Prof. M. Amin Suma: Nikah Beda Agama Hanya Sebagai Pintu Darurat
Profil

Prof. M. Amin Suma: Nikah Beda Agama Hanya Sebagai Pintu Darurat

Bangkai yang haram saja bisa dimakan kok kalau dalam situasi darurat.

Oleh:
M-22/Ali/Amr
Bacaan 2 Menit

Misalnya kasus seperti apa pernikahan beda agama diperbolehkan?
Ya, kalau saya mengatakan boleh itu misalnya tidak ada pasangan nikahnya kalo tidak beda agama. Misalnya, dia cari muslim/muslimah ngga ketemu. Sulit kan, masa ngga boleh menikah dengan orang yang beda agama, padahal tidak ada di situ lawan jenisnya (yang seagama,-red). Dan ini pernah ketika di Australia, di Adelaide kalau ngga salah. Itu ada satu kawasan mayoritas muslim turunan Indonesia. Umumnya di sana cari perempuan itu sulit. Terutama perempuan muslimah itu. Maka dia yang mau menikah bagi yang mampu secara ekonomi ada yang banyak ke Indonesia, pulang. Setidaknya mencari perempuan yang sama agamanya, muslimah.
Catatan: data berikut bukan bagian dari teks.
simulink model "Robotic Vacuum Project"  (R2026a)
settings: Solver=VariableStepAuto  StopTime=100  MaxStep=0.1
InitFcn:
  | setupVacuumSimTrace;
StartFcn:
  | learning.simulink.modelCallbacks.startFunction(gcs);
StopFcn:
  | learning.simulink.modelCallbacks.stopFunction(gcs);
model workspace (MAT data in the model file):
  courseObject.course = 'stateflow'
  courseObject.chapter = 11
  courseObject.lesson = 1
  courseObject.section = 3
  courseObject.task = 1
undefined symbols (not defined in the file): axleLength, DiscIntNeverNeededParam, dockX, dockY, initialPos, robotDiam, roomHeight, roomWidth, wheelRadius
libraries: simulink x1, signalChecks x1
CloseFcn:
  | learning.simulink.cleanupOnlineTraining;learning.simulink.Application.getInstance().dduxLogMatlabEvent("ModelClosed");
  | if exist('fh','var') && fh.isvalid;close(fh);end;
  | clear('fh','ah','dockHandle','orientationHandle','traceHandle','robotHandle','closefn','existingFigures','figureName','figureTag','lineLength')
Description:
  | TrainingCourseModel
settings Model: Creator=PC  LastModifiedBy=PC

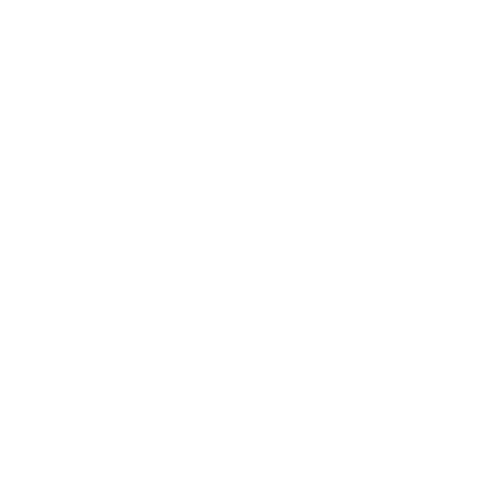
[thumbnail: Simulink's stored preview of the top-level diagram]
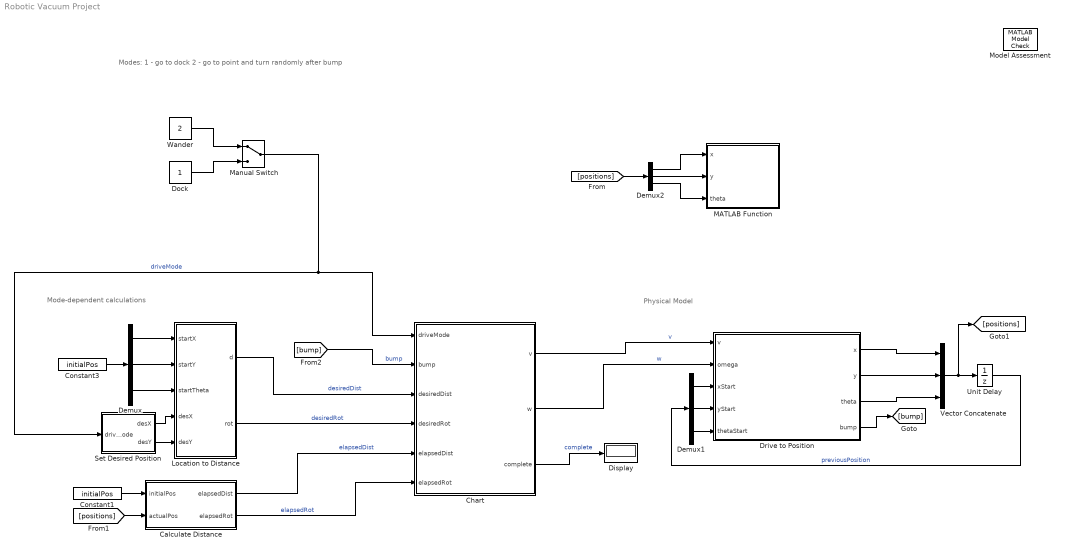
== system Robotic Vacuum Project ==
  note: Modes:
      | 1 - go to dock
      | 2 - go to point and turn randomly after bump
  note: Mode-dependent calculations
  note: Physical Model
  Calculate Distance : Subsystem
  Chart : Stateflow chart  TreatAsAtomicUnit=on
  Constant1 : Constant  Value=initialPos
  Constant3 : Constant  Value=initialPos
  Demux : Demux  Outputs=3
  Demux1 : Demux  Outputs=3
  Demux2 : Demux  Outputs=3
  Display : Display
  Dock : Constant
  Drive to Position : Subsystem
  Location to Distance : Subsystem
  MATLAB Function : MATLAB Function  TreatAsAtomicUnit=on
  Manual Switch : ManualSwitch
      settings: AttributesFormatString=(Double-click to switch modes)
  Model Assessment : signalChecks/MATLAB Model Check  mlfunc='grader_interaction2_task8'  lesson=0  task=8  pass=-1
      settings: AttributesFormatString=|
      | No input required
      | for this task
  Set Desired Position : Subsystem
  Unit Delay : UnitDelay  InitialCondition=initialPos  SampleTime=-1
  Vector Concatenate : Concatenate  NumInputs=3
  Wander : Constant  Value=2
  wires:
  Chart/2(w) -> Drive to Position/2(omega)  "w"
  Calculate Distance/1(elapsedDist) -> Chart/5(elapsedDist)  "elapsedDist"
  Location to Distance/2(rot) -> Chart/4(desiredRot)  "desiredRot"
  Chart/1(v) -> Drive to Position/1(v)  "v"
  Chart/3(complete) -> Display/1  "complete"
  Location to Distance/1(d) -> Chart/3(desiredDist)  "desiredDist"
  Constant3/1 -> Demux/1
  Set Desired Position/2(desY) -> Location to Distance/5(desY)
  [bump] -> Chart/2(bump)  "bump"
  Vector Concatenate/1 -> Unit Delay/1, [positions]
  Drive to Position/4(bump) -> [bump]
  Constant1/1 -> Calculate Distance/1(initialPos)
  Drive to Position/1(x) -> Vector Concatenate/1
  Demux1/1 -> Drive to Position/3(xStart)
  Demux1/2 -> Drive to Position/4(yStart)
  Dock/1 -> Manual Switch/2
  Wander/1 -> Manual Switch/1
  Demux/3 -> Location to Distance/3(startTheta)
  Calculate Distance/2(elapsedRot) -> Chart/6(elapsedRot)  "elapsedRot"
  Manual Switch/1 -> Chart/1(driveMode), Set Desired Position/1(driveMode)  "driveMode"
  Unit Delay/1 -> Demux1/1  "previousPosition"
  Demux1/3 -> Drive to Position/5(thetaStart)
  Set Desired Position/1(desX) -> Location to Distance/4(desX)
  Demux/1 -> Location to Distance/1(startX)
  Demux/2 -> Location to Distance/2(startY)
  Drive to Position/2(y) -> Vector Concatenate/2
  [positions] -> Demux2/1
  Drive to Position/3(theta) -> Vector Concatenate/3
  Demux2/2 -> MATLAB Function/2(y)
  Demux2/1 -> MATLAB Function/1(x)
  Demux2/3 -> MATLAB Function/3(theta)
  [positions] -> Calculate Distance/2(actualPos)

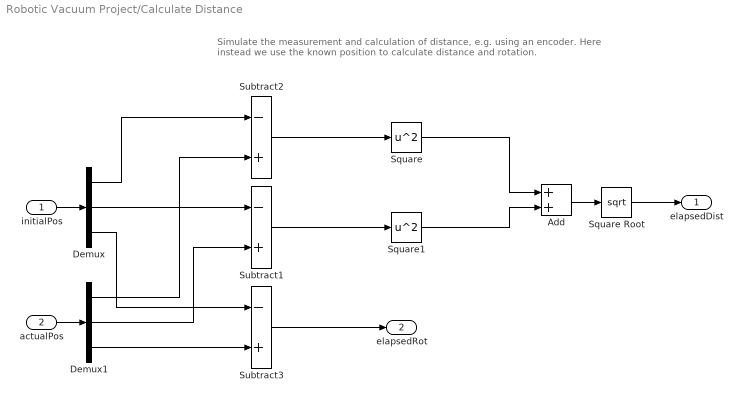
== system Robotic Vacuum Project/Calculate Distance ==
  note: Simulate the measurement and calculation of distance, e.g. using an encoder.
      | Here instead we use the known position to calculate distance and rotation.
  initialPos : Inport
  actualPos : Inport  Port=2
  Add : Sum
  Demux : Demux  Outputs=3
  Demux1 : Demux  Outputs=3
  Square : Math  Operator=square  SignedPower=on
  Square Root : Sqrt
  Square1 : Math  Operator=square  SignedPower=on
  Subtract1 : Sum  Inputs=-+
  Subtract2 : Sum  Inputs=-+
  Subtract3 : Sum  Inputs=-+
  elapsedDist : Outport  VectorParamsAs1DForOutWhenUnconnected=off
  elapsedRot : Outport  Port=2  VectorParamsAs1DForOutWhenUnconnected=off
  wires:
  actualPos/1 -> Demux1/1
  Subtract3/1 -> elapsedRot/1
  initialPos/1 -> Demux/1
  Demux/3 -> Subtract3/1
  Demux1/3 -> Subtract3/2
  Square Root/1 -> elapsedDist/1
  Add/1 -> Square Root/1
  Square1/1 -> Add/2
  Square/1 -> Add/1
  Subtract1/1 -> Square1/1
  Subtract2/1 -> Square/1
  Demux1/2 -> Subtract1/2
  Demux/2 -> Subtract1/1
  Demux1/1 -> Subtract2/2
  Demux/1 -> Subtract2/1

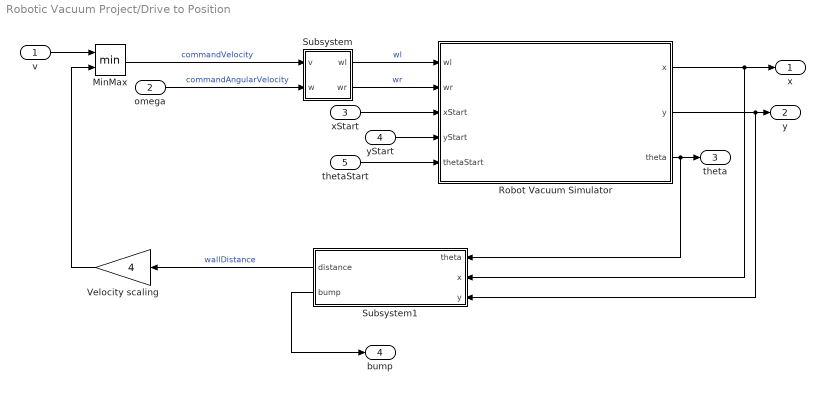
== system Robotic Vacuum Project/Drive to Position ==
  v : Inport
  omega : Inport  Port=2
  xStart : Inport  Port=3
  yStart : Inport  Port=4
  thetaStart : Inport  Port=5
  MinMax : MinMax  Inputs=2
  Robot Vacuum Simulator : Subsystem  mask(Robot Vacuum Simulator){roomW=roomWidth, roomH=roomHeight, dockX=dockX, dockY=dockY, axleLength=axleLength, wheelR=wheelRadius}
      mask prompts: roomW "Room Width (m)"; roomH "Room Height (m)"; dockX "Dock X (m)"; dockY "Dock Y (m)"; axleLength "Axle Length (m)"; wheelR "Wheel Radius (m)"
      mask help: Model a robot vacuum as a differential drive robot. Simulate its trajectory given prescribed left and right wheel rotation rates (wl, wr) and starting configuration (xStart, yStart, thetaStart).
      mask DialogControl roomProps Prompt: Room Properties
      mask DialogControl robotProps Prompt: Robot Properties
      mask Display: disp('Robot Vacuum Simulator')
  Subsystem : Subsystem  mask(Velocities to wheel angular velocities){axleLength=axleLength, wheelR=wheelRadius}
      mask prompts: axleLength "Axle Length"; wheelR "Wheel Radius"
      mask help: Converts robot linear (v) and angular (w) velocities into left (wl) and right (wr) wheel angular velocities using robot parameters.
  Subsystem1 : Subsystem  mask(Sensor Data Simulator){maxDist=2, minDist=.005}
      mask prompts: maxDist "Maximum sensing distance (m)"; minDist "Minimum sensing distance (m)"
      mask help: Simulate the sensor data from two sensors: an ultrasonic distance sensor measuring distance in meters, and a bump sensor that outputs one when the robot bumps into a wall.
      mask DialogControl Container3 Prompt: Ultrasonic Sensor Properties
      mask Display: disp('Sensor Data Simulator');
  Velocity scaling : Gain  Gain=4
  x : Outport
  y : Outport  Port=2
  theta : Outport  Port=3
  bump : Outport  Port=4  VectorParamsAs1DForOutWhenUnconnected=off
  wires:
  Robot Vacuum Simulator/3(theta) -> theta/1, Subsystem1/1(theta)
  Robot Vacuum Simulator/2(y) -> y/1, Subsystem1/3(y)
  Robot Vacuum Simulator/1(x) -> x/1, Subsystem1/2(x)
  Subsystem1/2(bump) -> bump/1
  v/1 -> MinMax/1
  MinMax/1 -> Subsystem/1(v)  "commandVelocity"
  thetaStart/1 -> Robot Vacuum Simulator/5(thetaStart)
  yStart/1 -> Robot Vacuum Simulator/4(yStart)
  xStart/1 -> Robot Vacuum Simulator/3(xStart)
  Subsystem/2(wr) -> Robot Vacuum Simulator/2(wr)  "wr"
  Subsystem/1(wl) -> Robot Vacuum Simulator/1(wl)  "wl"
  Subsystem1/1(distance) -> Velocity scaling/1  "wallDistance"
  omega/1 -> Subsystem/2(w)  "commandAngularVelocity"
  Velocity scaling/1 -> MinMax/2

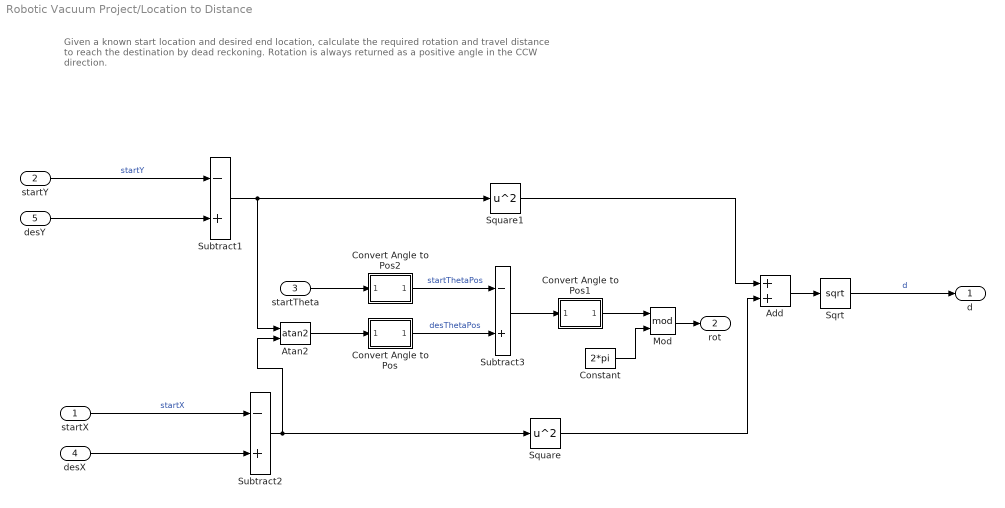
== system Robotic Vacuum Project/Location to Distance ==
  note: Given a known start location and desired end location, calculate the required rotation and travel distance to reach the destination by dead reckoning.
      | Rotation is always returned as a positive angle in the CCW direction.
  startX : Inport
  startY : Inport  Port=2
  startTheta : Inport  Port=3
  desX : Inport  Port=4
  desY : Inport  Port=5
  Add : Sum
  Atan2 : Trigonometry  Operator=atan2
  Constant : Constant  Value=2*pi
  Convert Angle to Pos : Subsystem
  Convert Angle to Pos1 : Subsystem
  Convert Angle to Pos2 : Subsystem
  Mod : Math  Operator=mod
  Sqrt : Sqrt
  Square : Math  Operator=square  SignedPower=on
  Square1 : Math  Operator=square  SignedPower=on
  Subtract1 : Sum  Inputs=-+
  Subtract2 : Sum  Inputs=-+
  Subtract3 : Sum  Inputs=-+
  d : Outport  VectorParamsAs1DForOutWhenUnconnected=off
  rot : Outport  Port=2  VectorParamsAs1DForOutWhenUnconnected=off
  wires:
  Constant/1 -> Mod/2
  Mod/1 -> rot/1
  Convert Angle to Pos2/1(Out1) -> Subtract3/1  "startThetaPos"
  Convert Angle to Pos/1(Out1) -> Subtract3/2  "desThetaPos"
  Atan2/1 -> Convert Angle to Pos/1(In1)
  Subtract3/1 -> Convert Angle to Pos1/1(In1)
  Convert Angle to Pos1/1(Out1) -> Mod/1
  startTheta/1 -> Convert Angle to Pos2/1(In1)
  Sqrt/1 -> d/1  "d"
  Add/1 -> Sqrt/1
  Square1/1 -> Add/1
  Square/1 -> Add/2
  Subtract1/1 -> Square1/1, Atan2/1
  Subtract2/1 -> Square/1, Atan2/2
  desY/1 -> Subtract1/2
  startY/1 -> Subtract1/1  "startY"
  desX/1 -> Subtract2/2
  startX/1 -> Subtract2/1  "startX"

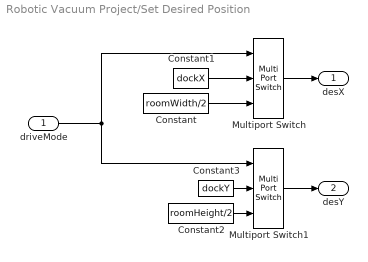
== system Robotic Vacuum Project/Set Desired Position ==
  driveMode : Inport
  Constant : Constant  Value=roomWidth/2
  Constant1 : Constant  Value=dockX
  Constant2 : Constant  Value=roomHeight/2
  Constant3 : Constant  Value=dockY
  Multiport Switch : MultiPortSwitch  Inputs=2  SaturateOnIntegerOverflow=off  InputSameDT=off
  Multiport Switch1 : MultiPortSwitch  Inputs=2  SaturateOnIntegerOverflow=off  InputSameDT=off
  desX : Outport  VectorParamsAs1DForOutWhenUnconnected=off
  desY : Outport  Port=2  VectorParamsAs1DForOutWhenUnconnected=off
  wires:
  Multiport Switch1/1 -> desY/1
  Constant3/1 -> Multiport Switch1/2
  Constant2/1 -> Multiport Switch1/3
  Constant/1 -> Multiport Switch/3
  Constant1/1 -> Multiport Switch/2
  driveMode/1 -> Multiport Switch1/1, Multiport Switch/1
  Multiport Switch/1 -> desX/1

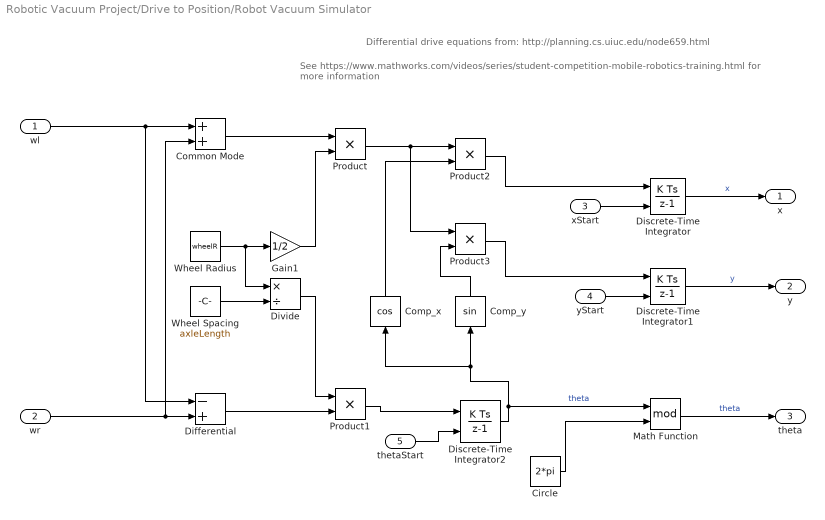
== system Robotic Vacuum Project/Drive to Position/Robot Vacuum Simulator ==
  note: See https://www.mathworks.com/videos/series/student-competition-mobile-robotics-training.html for more information
  note: Differential drive equations from: http://planning.cs.uiuc.edu/node659.html
  wl : Inport
  wr : Inport  Port=2
  xStart : Inport  Port=3
  yStart : Inport  Port=4
  thetaStart : Inport  Port=5
  Circle : Constant  Value=2*pi
  Common Mode : Sum
  Comp_x : Trigonometry  Operator=cos
  Comp_y : Trigonometry
  Differential : Sum  Inputs=-+
  Discrete-Time Integrator : DiscreteIntegrator  InitialConditionSource=external  SampleTime=-1  ICPrevOutput=DiscIntNeverNeededParam  ICPrevScaledInput=DiscIntNeverNeededParam
  Discrete-Time Integrator1 : DiscreteIntegrator  InitialConditionSource=external  SampleTime=-1  ICPrevOutput=DiscIntNeverNeededParam  ICPrevScaledInput=DiscIntNeverNeededParam
  Discrete-Time Integrator2 : DiscreteIntegrator  InitialConditionSource=external  SampleTime=-1  ICPrevOutput=DiscIntNeverNeededParam  ICPrevScaledInput=DiscIntNeverNeededParam
  Divide : Product  Inputs=*/
  Gain1 : Gain  Gain=1/2
  Math Function : Math  Operator=mod  SignedPower=on
  Product{,1..3} (4 alike) : Product  RndMeth=Zero
  Wheel Radius : Constant  Value=wheelR
  Wheel Spacing : Constant  Value=axleLength
  x : Outport
  y : Outport  Port=2
  theta : Outport  Port=3
  wires:
  yStart/1 -> Discrete-Time Integrator1/2
  xStart/1 -> Discrete-Time Integrator/2
  thetaStart/1 -> Discrete-Time Integrator2/2
  Common Mode/1 -> Product/1
  Circle/1 -> Math Function/2
  Differential/1 -> Product1/2
  Math Function/1 -> theta/1  "theta"
  Wheel Radius/1 -> Gain1/1, Divide/1
  wr/1 -> Differential/2, Common Mode/2
  Comp_y/1 -> Product3/2
  Product2/1 -> Discrete-Time Integrator/1
  Product/1 -> Product2/1, Product3/1
  Gain1/1 -> Product/2
  Product1/1 -> Discrete-Time Integrator2/1
  Wheel Spacing/1 -> Divide/2
  Discrete-Time Integrator1/1 -> y/1  "y"
  Discrete-Time Integrator/1 -> x/1  "x"
  Comp_x/1 -> Product2/2
  Product3/1 -> Discrete-Time Integrator1/1
  wl/1 -> Differential/1, Common Mode/1
  Discrete-Time Integrator2/1 -> Comp_y/1, Comp_x/1, Math Function/1  "theta"
  Divide/1 -> Product1/1

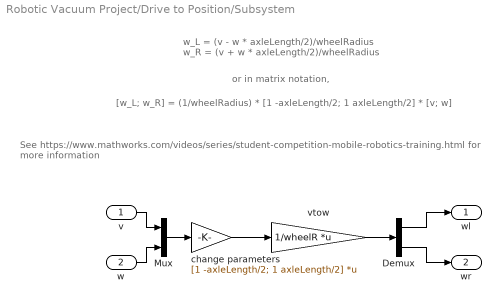
== system Robotic Vacuum Project/Drive to Position/Subsystem ==
  note: or in matrix notation,
  note: w_L  = (v - w * axleLength/2)/wheelRadius
      | w_R = (v + w * axleLength/2)/wheelRadius
  note: [w_L; w_R] = (1/wheelRadius) * [1 -axleLength/2; 1 axleLength/2] * [v; w]
  note: See https://www.mathworks.com/videos/series/student-competition-mobile-robotics-training.html for more information
  v : Inport
  w : Inport  Port=2
  Demux : Demux  Outputs=2
  Mux : Mux  Inputs=2
  change parameters : Gain  Gain=[1 -axleLength/2; 1 axleLength/2]  Multiplication=Matrix(K*u)
  vtow : Gain  Gain=1/wheelR  Multiplication=Matrix(K*u)
  wl : Outport  VectorParamsAs1DForOutWhenUnconnected=off
  wr : Outport  Port=2  VectorParamsAs1DForOutWhenUnconnected=off
  wires:
  Mux/1 -> change parameters/1
  Demux/2 -> wr/1
  Demux/1 -> wl/1
  v/1 -> Mux/1
  vtow/1 -> Demux/1
  w/1 -> Mux/2
  change parameters/1 -> vtow/1

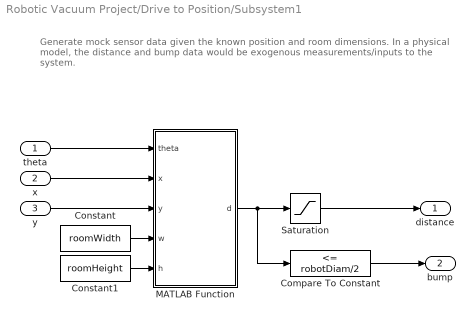
== system Robotic Vacuum Project/Drive to Position/Subsystem1 ==
  note: Generate mock sensor data given the known position and room dimensions.
      | In a physical model, the distance and bump data would be exogenous
      | measurements/inputs to the system.
  theta : Inport
  x : Inport  Port=2
  y : Inport  Port=3
  Compare To Constant : simulink/Logic and Bit Operations/Compare To Constant  relop=<=  const=robotDiam/2  OutDataTypeStr=boolean
  Constant : Constant  Value=roomWidth
  Constant1 : Constant  Value=roomHeight
  MATLAB Function : MATLAB Function  TreatAsAtomicUnit=on
  Saturation : Saturate  UpperLimit=maxDist  LowerLimit=minDist
  distance : Outport  VectorParamsAs1DForOutWhenUnconnected=off
  bump : Outport  Port=2  VectorParamsAs1DForOutWhenUnconnected=off
  wires:
  Compare To Constant/1 -> bump/1
  MATLAB Function/1(d) -> Saturation/1, Compare To Constant/1
  Saturation/1 -> distance/1
  y/1 -> MATLAB Function/3(y)
  x/1 -> MATLAB Function/2(x)
  theta/1 -> MATLAB Function/1(theta)
  Constant/1 -> MATLAB Function/4(w)
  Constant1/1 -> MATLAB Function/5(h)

Tapi, nggak semua berkemampuan seperti itu. Misalnya, kasus seperti itu kok kita paksakan dengan muslimah padahal tidak ada muslimahnya. Itu misalnya kasus yang real ya. Tinggal sekarang kalau orang di Indonesia, kan tidak kekurangan stok kan. Masih banyak. Kenapa mesti cari yang lain. Artinya situasional kan. Ngga bisa digebyar riah ngga boleh. Dan tidak pula juga lalu boleh, kapan saja siapa saja tidak. Kasuistis.

Jadi, tidak ada lagi perdebatan apakah laki-lakinya harus muslim dan perempuannya non muslimah?
Nggak ada lagi perdebatan itu, intinya dilihat lagi kasusnya. Karena dia butuh dan tidak ada barangnya kan gimana. Sudah lagi tidak mempersoalkan itu. Ya itu kasus nyatanya.

Jadi, bila kasusnya seperti itu, menurut Anda boleh?
Kalau dia dalam dirinya itu, misalnya ada niatan tetap dia menikahnya bukan karena dorongan birahi. Tapi ada motivasi dalam dirinya. Bagaimanapun dia memiliki kemauan dalam dirinya untuk membawa ke dalam satu iman. Kan perbuatan hati tidak ada yang tahu. Bergantung niatnya. Niat itu urusan hati. Ngga ada yang tahu. Ngga boleh kita mengatakan, menuduh si A ini perkawinannya semata-mata karena ini dikatakan haram. Ngga bisa, karena ini perbuatan hati.

Jadi, keberadaan peraturan perkawinan, terutama KHI yang melarang perkawinan beda agama itu ya tidak pandang bulu. Ya itu memang kebijakan, kesepakatan ulama khususnya dan pakar hukum umumnya. Itu pilihan hukum yang sudah ditetapkan. Tapi dimana-mana yang namanya pengecualian tetap ada. Mustahil tidak ada itu.

Menurut Anda, apakah perlu dilakukan revisi?
Ya, tentunya dipandang perlu. Setidak-tidaknya kan memang masyarakat ada desakan seperti itu. Dimana-mana yang namanya hukum kan selalu ada pengecualian. Ngga ada hukum yang mati yang kaku, kecuali kasus tertentu.

Saat ini Pasal 2 ayat (1) UU Perkawinan sedang diuji di Mahkamah Konsitusi (MK), bagaimana pendapat Anda?
Kalau itu kewenangannya MK. Hakim saya kira punya hak untuk menafsirkan. Ini murni pemikiran saya, pendapat saya yang tadi itu lah. Artinya, ketetapan Pasal 2 ayat (1) itu jelas masih berlaku sampai sekarang ini. Tidak bisa tekstual. Karena yang dimaksud dengan hukum agamanya masing-masing itu kalau saya menafsirkannya bagi umat Islam itu sesuai dengan fiqh Munakhahat. Kan tidak ada hukum positifnya, adanya fiqh munakhahat. Menurut fiqh munaqahat, umumnya ulama fiqh mengatakan sah perkawinan itu yang beda agama. Kalau, saya pada kasus tertentu sah itu perkawinannya, legal maksudnya. Cuma tetap haram.